2026 could be a turning point. The well-known tolerance of the Jewish state towards global antisemites, who have become accustomed to persecuting individual and collective Jews with impunity, now risks facing responses proportional to the gravity of the crimes committed.
The formal warning was given yesterday on Yom Hashoah, both by the Prime Minister and the Israeli Minister of Education. The International March of the Living, now in its 38th year, was being held under the theme of combating antisemitism worldwide.
"Jewish state will fight antisemitism both in Israel and beyond", Israeli Education Minister Yoav Kisch told JNS on Tuesday, speaking ahead of the International March of the Living in Poland. "We stand together with the entire Jewish world, and it’s clear to us that in the Diaspora and in the State of Israel alike, there is a difficult period with rising antisemitism and a lot of hatred toward Jews,” said Kisch. “We have a state, we have an army and we are capable of standing against anyone who seeks to harm us. Wherever this happens, both in Israel and beyond, we as Jews will fight it,” he vowed.

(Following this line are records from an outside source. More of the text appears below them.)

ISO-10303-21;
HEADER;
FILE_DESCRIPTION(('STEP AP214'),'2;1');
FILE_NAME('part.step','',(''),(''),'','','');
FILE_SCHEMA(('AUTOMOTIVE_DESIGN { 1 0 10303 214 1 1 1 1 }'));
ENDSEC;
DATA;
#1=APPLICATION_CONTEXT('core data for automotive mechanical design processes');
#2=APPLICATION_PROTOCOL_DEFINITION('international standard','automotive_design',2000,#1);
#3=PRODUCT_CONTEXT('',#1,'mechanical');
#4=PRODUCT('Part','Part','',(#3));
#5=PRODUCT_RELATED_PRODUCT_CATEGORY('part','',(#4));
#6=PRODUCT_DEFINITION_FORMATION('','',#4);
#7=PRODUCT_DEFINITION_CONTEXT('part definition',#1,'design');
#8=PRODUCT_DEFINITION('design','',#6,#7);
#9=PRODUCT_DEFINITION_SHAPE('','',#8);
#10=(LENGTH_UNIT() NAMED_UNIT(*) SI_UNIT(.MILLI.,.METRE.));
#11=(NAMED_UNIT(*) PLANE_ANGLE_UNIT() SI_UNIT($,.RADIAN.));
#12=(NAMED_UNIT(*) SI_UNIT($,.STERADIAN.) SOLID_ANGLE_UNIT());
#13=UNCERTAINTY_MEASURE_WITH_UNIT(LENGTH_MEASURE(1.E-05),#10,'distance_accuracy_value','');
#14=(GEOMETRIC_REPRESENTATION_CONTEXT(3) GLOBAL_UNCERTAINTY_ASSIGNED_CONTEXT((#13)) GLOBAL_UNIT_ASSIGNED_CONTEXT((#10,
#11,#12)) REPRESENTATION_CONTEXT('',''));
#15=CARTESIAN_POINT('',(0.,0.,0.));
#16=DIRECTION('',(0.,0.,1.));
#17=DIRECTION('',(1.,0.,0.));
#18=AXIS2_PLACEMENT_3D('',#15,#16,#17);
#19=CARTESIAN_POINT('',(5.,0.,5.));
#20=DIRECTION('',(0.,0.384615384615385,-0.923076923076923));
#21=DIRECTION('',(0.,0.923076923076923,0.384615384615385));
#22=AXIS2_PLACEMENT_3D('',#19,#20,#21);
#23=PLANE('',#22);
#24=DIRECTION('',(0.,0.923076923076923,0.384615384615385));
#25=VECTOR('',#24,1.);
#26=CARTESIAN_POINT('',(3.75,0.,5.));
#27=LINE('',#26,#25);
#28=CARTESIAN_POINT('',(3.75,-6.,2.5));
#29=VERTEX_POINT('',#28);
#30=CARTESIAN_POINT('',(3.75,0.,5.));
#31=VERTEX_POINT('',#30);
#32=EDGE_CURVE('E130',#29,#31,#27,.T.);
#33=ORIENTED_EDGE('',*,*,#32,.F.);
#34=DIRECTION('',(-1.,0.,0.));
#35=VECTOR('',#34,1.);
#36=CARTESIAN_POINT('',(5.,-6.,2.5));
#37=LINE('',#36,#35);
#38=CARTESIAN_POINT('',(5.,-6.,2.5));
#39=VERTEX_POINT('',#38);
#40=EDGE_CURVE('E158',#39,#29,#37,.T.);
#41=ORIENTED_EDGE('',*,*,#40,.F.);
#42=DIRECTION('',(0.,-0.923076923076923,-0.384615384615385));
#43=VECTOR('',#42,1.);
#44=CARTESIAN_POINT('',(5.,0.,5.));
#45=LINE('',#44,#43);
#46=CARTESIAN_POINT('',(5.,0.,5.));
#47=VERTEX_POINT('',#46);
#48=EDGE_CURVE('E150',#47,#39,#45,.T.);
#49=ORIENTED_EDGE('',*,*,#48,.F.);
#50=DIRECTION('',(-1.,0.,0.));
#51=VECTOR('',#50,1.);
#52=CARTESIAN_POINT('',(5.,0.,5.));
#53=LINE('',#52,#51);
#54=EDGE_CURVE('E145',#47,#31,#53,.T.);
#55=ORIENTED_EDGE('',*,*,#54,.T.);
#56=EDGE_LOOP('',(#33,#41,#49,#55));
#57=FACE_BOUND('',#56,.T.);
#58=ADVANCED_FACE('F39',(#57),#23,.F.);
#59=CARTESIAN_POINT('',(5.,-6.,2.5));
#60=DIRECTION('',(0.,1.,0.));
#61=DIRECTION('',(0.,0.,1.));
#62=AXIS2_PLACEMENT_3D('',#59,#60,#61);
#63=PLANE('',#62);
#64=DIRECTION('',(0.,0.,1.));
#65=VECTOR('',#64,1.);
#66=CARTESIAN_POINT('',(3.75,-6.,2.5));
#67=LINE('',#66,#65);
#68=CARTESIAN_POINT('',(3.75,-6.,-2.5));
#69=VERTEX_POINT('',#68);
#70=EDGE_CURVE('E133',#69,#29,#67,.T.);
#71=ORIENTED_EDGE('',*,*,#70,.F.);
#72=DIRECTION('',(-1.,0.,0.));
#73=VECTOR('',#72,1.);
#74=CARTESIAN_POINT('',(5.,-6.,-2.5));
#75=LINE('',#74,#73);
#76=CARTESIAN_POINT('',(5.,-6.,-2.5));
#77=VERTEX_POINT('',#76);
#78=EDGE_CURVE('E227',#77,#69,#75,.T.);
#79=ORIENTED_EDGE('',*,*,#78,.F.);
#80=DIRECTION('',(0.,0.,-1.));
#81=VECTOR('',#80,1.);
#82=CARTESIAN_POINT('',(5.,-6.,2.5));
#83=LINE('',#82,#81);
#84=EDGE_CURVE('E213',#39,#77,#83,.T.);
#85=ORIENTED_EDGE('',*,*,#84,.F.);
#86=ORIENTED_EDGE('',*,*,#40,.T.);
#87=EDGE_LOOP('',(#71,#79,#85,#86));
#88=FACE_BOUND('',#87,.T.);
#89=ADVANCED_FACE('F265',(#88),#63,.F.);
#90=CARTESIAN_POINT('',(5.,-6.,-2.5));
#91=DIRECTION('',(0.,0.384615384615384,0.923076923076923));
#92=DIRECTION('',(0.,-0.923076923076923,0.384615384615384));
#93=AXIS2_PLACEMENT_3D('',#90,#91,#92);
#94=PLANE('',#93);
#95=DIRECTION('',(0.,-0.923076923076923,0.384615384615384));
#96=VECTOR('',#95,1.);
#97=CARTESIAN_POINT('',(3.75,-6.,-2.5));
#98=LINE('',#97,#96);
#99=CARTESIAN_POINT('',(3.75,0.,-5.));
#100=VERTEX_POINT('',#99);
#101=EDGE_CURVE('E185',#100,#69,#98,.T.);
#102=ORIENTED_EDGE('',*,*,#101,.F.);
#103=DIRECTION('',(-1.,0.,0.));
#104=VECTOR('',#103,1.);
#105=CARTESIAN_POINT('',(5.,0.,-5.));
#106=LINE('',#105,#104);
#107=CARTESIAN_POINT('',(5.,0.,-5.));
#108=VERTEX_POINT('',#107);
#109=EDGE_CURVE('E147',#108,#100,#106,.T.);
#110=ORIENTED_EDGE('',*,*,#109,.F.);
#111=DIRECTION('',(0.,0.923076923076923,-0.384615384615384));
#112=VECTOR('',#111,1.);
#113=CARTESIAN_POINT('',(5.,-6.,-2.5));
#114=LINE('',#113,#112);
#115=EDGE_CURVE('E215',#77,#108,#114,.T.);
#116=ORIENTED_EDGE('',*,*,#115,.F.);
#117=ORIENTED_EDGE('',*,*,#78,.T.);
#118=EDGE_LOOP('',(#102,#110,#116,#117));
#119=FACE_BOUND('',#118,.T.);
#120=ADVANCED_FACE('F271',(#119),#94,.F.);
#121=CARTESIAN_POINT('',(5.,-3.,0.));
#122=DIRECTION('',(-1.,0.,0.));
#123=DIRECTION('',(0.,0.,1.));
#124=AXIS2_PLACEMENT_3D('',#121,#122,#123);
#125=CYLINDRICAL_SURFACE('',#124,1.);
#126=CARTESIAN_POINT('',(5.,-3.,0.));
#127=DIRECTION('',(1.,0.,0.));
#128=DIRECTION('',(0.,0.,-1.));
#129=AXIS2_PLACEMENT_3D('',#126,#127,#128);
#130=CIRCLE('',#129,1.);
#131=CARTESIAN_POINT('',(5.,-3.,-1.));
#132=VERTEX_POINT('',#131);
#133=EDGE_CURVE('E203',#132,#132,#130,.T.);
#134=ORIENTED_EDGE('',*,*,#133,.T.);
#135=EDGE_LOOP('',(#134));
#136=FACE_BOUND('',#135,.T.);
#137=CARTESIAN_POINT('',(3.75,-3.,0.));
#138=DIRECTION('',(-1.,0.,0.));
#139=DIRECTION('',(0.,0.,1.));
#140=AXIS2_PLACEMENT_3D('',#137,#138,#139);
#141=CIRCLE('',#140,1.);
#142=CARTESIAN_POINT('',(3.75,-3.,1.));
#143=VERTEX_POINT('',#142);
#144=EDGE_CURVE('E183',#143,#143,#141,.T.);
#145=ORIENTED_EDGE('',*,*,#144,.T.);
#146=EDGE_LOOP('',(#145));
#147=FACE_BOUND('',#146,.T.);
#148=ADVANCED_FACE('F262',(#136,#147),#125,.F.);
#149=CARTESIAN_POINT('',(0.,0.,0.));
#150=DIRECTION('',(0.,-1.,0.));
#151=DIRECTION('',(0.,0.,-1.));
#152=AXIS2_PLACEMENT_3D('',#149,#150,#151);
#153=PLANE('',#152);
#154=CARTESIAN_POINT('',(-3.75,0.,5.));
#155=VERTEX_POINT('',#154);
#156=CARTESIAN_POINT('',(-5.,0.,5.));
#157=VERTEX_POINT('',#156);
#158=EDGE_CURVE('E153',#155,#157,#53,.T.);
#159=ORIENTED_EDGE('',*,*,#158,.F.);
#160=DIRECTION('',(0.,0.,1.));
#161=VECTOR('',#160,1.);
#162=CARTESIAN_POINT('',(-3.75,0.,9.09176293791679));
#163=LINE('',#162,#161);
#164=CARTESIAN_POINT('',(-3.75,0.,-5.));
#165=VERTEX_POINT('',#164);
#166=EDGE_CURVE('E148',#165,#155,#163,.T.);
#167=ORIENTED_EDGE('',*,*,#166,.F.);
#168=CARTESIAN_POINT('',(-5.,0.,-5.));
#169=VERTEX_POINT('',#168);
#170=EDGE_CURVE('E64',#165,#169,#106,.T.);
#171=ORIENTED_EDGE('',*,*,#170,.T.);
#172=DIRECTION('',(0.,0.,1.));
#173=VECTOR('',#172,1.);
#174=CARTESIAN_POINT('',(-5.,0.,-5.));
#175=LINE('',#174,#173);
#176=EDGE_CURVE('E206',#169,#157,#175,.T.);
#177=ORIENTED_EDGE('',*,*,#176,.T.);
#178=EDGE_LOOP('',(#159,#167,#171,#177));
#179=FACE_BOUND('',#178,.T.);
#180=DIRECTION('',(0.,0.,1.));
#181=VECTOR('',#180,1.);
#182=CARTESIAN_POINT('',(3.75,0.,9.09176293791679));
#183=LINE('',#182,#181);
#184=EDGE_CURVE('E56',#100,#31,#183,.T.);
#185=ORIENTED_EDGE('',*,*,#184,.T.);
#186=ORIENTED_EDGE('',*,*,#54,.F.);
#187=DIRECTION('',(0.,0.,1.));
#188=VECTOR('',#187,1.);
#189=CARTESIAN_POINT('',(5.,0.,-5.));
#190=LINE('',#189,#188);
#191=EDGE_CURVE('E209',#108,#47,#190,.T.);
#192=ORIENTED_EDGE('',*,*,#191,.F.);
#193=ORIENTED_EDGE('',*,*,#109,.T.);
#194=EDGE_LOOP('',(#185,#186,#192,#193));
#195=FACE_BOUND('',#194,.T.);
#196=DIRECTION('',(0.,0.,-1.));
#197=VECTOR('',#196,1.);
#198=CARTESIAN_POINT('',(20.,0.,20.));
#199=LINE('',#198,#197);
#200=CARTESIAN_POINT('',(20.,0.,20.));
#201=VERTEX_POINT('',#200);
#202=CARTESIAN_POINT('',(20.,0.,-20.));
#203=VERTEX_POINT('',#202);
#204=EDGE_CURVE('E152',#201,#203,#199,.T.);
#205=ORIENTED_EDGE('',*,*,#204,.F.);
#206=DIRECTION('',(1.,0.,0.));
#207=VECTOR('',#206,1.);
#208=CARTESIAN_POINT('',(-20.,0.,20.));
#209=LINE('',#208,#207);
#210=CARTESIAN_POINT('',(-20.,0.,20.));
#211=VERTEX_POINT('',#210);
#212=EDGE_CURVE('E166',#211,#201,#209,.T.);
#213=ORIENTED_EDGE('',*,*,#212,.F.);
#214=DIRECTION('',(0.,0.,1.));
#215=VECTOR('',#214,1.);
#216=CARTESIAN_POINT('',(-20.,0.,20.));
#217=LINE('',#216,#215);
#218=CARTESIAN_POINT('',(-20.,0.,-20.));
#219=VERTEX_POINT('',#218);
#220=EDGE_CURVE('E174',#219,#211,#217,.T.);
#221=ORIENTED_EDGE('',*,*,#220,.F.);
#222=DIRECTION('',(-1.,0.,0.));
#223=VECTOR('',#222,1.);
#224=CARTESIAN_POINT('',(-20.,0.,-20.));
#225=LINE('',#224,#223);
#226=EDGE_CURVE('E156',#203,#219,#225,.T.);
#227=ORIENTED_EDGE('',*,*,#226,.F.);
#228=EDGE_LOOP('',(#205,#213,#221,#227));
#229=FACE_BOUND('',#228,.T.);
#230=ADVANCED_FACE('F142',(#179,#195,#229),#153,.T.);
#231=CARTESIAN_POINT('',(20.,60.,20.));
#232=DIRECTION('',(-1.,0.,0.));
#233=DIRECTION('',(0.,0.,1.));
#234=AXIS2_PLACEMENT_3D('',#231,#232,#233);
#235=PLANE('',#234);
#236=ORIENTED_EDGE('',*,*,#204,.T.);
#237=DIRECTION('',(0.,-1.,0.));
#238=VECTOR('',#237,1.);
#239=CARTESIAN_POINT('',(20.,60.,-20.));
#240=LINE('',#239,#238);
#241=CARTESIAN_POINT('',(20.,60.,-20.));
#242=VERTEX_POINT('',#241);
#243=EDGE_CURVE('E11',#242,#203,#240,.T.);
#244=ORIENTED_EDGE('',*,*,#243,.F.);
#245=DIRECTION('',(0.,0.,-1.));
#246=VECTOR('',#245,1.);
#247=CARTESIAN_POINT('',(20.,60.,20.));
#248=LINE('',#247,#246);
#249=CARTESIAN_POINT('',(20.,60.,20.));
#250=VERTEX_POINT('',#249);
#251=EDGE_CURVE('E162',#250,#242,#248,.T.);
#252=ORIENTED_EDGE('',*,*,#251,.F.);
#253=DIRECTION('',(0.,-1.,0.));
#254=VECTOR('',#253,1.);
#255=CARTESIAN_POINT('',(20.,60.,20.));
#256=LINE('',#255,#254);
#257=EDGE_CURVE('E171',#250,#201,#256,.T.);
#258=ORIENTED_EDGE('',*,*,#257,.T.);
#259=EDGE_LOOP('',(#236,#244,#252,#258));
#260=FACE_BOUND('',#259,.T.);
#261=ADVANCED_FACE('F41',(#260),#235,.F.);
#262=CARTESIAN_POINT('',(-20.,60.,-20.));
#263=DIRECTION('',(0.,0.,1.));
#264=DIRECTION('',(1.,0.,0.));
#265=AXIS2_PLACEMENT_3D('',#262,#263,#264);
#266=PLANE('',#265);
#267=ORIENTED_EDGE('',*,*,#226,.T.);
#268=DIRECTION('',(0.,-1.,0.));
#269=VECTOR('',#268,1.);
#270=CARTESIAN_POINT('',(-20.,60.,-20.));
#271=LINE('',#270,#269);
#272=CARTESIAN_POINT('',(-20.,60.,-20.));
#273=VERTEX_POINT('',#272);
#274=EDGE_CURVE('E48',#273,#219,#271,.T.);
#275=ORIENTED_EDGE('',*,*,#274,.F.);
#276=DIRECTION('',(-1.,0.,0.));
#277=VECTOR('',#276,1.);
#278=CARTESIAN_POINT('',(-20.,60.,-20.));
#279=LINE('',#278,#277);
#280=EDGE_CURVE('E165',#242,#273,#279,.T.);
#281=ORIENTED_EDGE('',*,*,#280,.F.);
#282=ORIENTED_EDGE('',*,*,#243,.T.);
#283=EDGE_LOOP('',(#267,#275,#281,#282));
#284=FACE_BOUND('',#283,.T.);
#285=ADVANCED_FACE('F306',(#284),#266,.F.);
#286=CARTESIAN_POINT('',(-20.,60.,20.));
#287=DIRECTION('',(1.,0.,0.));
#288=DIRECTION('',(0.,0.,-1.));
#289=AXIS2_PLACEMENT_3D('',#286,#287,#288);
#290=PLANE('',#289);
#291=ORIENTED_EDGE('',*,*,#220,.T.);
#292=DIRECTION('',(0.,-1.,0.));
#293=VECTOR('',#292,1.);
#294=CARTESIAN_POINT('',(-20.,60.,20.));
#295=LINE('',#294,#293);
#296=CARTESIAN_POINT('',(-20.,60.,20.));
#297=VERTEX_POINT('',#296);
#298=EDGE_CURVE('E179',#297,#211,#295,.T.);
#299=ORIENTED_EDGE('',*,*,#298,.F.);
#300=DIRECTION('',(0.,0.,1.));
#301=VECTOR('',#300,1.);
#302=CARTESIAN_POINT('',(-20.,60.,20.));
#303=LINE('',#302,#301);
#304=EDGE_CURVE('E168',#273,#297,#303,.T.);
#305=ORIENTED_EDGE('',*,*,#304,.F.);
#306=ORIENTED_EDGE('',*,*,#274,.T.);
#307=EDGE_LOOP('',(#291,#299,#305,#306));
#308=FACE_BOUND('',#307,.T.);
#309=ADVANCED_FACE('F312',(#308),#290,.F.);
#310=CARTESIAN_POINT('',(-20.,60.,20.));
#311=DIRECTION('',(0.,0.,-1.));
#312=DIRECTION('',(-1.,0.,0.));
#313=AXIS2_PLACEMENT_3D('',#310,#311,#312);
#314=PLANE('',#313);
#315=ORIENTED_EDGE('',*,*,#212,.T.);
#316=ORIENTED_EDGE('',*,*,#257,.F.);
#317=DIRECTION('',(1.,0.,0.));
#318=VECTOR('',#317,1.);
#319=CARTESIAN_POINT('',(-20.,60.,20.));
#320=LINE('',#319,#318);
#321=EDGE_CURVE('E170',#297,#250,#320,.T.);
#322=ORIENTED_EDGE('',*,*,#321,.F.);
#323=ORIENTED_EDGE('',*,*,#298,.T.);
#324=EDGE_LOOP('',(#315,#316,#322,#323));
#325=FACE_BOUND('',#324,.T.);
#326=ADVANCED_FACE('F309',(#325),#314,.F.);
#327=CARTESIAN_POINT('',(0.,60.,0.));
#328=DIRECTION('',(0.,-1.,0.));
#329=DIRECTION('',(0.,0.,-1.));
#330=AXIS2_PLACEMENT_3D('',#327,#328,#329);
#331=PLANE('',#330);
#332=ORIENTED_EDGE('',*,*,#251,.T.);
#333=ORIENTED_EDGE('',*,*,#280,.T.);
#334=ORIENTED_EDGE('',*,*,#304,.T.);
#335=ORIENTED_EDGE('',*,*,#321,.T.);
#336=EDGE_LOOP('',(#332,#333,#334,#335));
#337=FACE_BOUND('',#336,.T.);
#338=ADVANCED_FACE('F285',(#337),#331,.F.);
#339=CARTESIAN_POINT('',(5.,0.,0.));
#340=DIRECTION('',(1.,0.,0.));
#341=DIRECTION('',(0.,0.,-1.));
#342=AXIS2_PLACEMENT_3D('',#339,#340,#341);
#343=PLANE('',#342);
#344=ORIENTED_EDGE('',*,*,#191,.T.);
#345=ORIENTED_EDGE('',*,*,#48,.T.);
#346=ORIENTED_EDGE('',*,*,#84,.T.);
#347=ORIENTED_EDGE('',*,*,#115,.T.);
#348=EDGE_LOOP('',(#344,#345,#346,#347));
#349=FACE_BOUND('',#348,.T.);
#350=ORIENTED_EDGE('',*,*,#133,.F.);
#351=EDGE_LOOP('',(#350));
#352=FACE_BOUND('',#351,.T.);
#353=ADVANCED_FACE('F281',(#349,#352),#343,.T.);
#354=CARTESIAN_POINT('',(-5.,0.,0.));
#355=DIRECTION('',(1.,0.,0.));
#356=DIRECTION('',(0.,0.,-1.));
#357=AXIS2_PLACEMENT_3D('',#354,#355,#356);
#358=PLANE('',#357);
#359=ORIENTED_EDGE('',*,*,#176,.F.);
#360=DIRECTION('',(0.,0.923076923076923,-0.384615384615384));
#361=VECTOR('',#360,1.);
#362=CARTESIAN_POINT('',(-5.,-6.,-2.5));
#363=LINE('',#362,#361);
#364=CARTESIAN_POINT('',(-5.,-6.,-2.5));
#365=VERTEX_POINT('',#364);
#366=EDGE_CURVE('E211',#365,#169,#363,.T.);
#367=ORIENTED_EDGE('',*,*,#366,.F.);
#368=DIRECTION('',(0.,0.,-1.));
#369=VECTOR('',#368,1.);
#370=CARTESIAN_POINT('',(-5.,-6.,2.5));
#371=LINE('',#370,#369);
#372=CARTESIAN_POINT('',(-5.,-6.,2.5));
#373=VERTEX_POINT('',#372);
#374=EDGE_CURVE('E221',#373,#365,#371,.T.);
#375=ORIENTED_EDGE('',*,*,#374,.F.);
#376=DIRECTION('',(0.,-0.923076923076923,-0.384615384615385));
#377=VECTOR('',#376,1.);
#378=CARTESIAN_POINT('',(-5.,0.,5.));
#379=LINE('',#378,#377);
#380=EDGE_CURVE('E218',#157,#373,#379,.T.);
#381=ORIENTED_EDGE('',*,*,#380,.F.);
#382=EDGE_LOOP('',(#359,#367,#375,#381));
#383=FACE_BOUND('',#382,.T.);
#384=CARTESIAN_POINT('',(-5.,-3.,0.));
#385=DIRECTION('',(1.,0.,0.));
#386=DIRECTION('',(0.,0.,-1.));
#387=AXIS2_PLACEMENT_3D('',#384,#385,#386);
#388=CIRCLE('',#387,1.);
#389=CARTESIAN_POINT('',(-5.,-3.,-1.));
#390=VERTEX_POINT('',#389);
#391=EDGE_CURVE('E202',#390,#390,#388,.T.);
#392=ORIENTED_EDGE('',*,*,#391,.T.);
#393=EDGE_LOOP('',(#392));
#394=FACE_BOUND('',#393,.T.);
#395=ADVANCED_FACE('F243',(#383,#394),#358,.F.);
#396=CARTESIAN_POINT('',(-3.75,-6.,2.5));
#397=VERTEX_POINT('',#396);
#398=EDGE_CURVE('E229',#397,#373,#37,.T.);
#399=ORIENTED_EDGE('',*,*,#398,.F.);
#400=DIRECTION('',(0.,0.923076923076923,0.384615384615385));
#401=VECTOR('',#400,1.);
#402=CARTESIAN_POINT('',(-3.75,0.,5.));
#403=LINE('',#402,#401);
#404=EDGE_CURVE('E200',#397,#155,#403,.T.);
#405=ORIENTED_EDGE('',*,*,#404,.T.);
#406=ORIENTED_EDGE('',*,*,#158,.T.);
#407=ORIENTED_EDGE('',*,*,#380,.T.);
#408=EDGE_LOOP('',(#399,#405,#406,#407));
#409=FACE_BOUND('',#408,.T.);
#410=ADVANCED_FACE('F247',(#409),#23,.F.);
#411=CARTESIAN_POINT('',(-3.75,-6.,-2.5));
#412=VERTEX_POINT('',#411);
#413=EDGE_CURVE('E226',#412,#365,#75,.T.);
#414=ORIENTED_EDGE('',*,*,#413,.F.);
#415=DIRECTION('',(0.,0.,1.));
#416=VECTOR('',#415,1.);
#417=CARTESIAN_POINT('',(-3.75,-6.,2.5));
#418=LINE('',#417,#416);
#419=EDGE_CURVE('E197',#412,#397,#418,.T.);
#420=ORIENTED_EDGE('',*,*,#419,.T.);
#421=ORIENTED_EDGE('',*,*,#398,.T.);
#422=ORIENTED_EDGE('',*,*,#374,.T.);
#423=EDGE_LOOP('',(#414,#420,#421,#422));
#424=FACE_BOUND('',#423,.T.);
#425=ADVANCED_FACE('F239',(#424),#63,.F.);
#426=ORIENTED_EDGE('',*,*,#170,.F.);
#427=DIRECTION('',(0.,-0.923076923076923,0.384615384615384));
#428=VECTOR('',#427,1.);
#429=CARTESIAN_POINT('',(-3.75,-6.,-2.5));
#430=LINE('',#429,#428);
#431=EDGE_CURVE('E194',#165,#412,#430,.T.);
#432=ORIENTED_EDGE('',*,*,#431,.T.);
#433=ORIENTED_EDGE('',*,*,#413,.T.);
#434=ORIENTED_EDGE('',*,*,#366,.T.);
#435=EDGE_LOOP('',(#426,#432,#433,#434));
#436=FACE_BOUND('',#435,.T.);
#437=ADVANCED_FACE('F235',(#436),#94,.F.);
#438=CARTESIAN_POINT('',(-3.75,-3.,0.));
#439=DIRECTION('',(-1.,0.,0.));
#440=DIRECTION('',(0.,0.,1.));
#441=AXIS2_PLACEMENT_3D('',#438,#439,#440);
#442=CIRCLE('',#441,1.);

Also Israeli Prime Minister Benjamin Netanyahu, in a prerecorded address due to the tensions with Iran, told the official state ceremony that "While the establishment of the State of Israel “did not end the aggression against us, nor the antisemitism that is surging once again everywhere, unlike the past, whoever seeks to destroy us now, brings upon themselves destruction on a scale they never could imagine.”
The Jewish people represent less than 0.2% of the world's population, but they have a state that is part of the restricted range of superpowers, a success story that extends to many nations, and an inexhaustible memory. Jewish temples remain alive, Jewish culture continues to produce, and apparently the time has come for Jewish human rights to be defended with Israel using the means that each particular case justifies.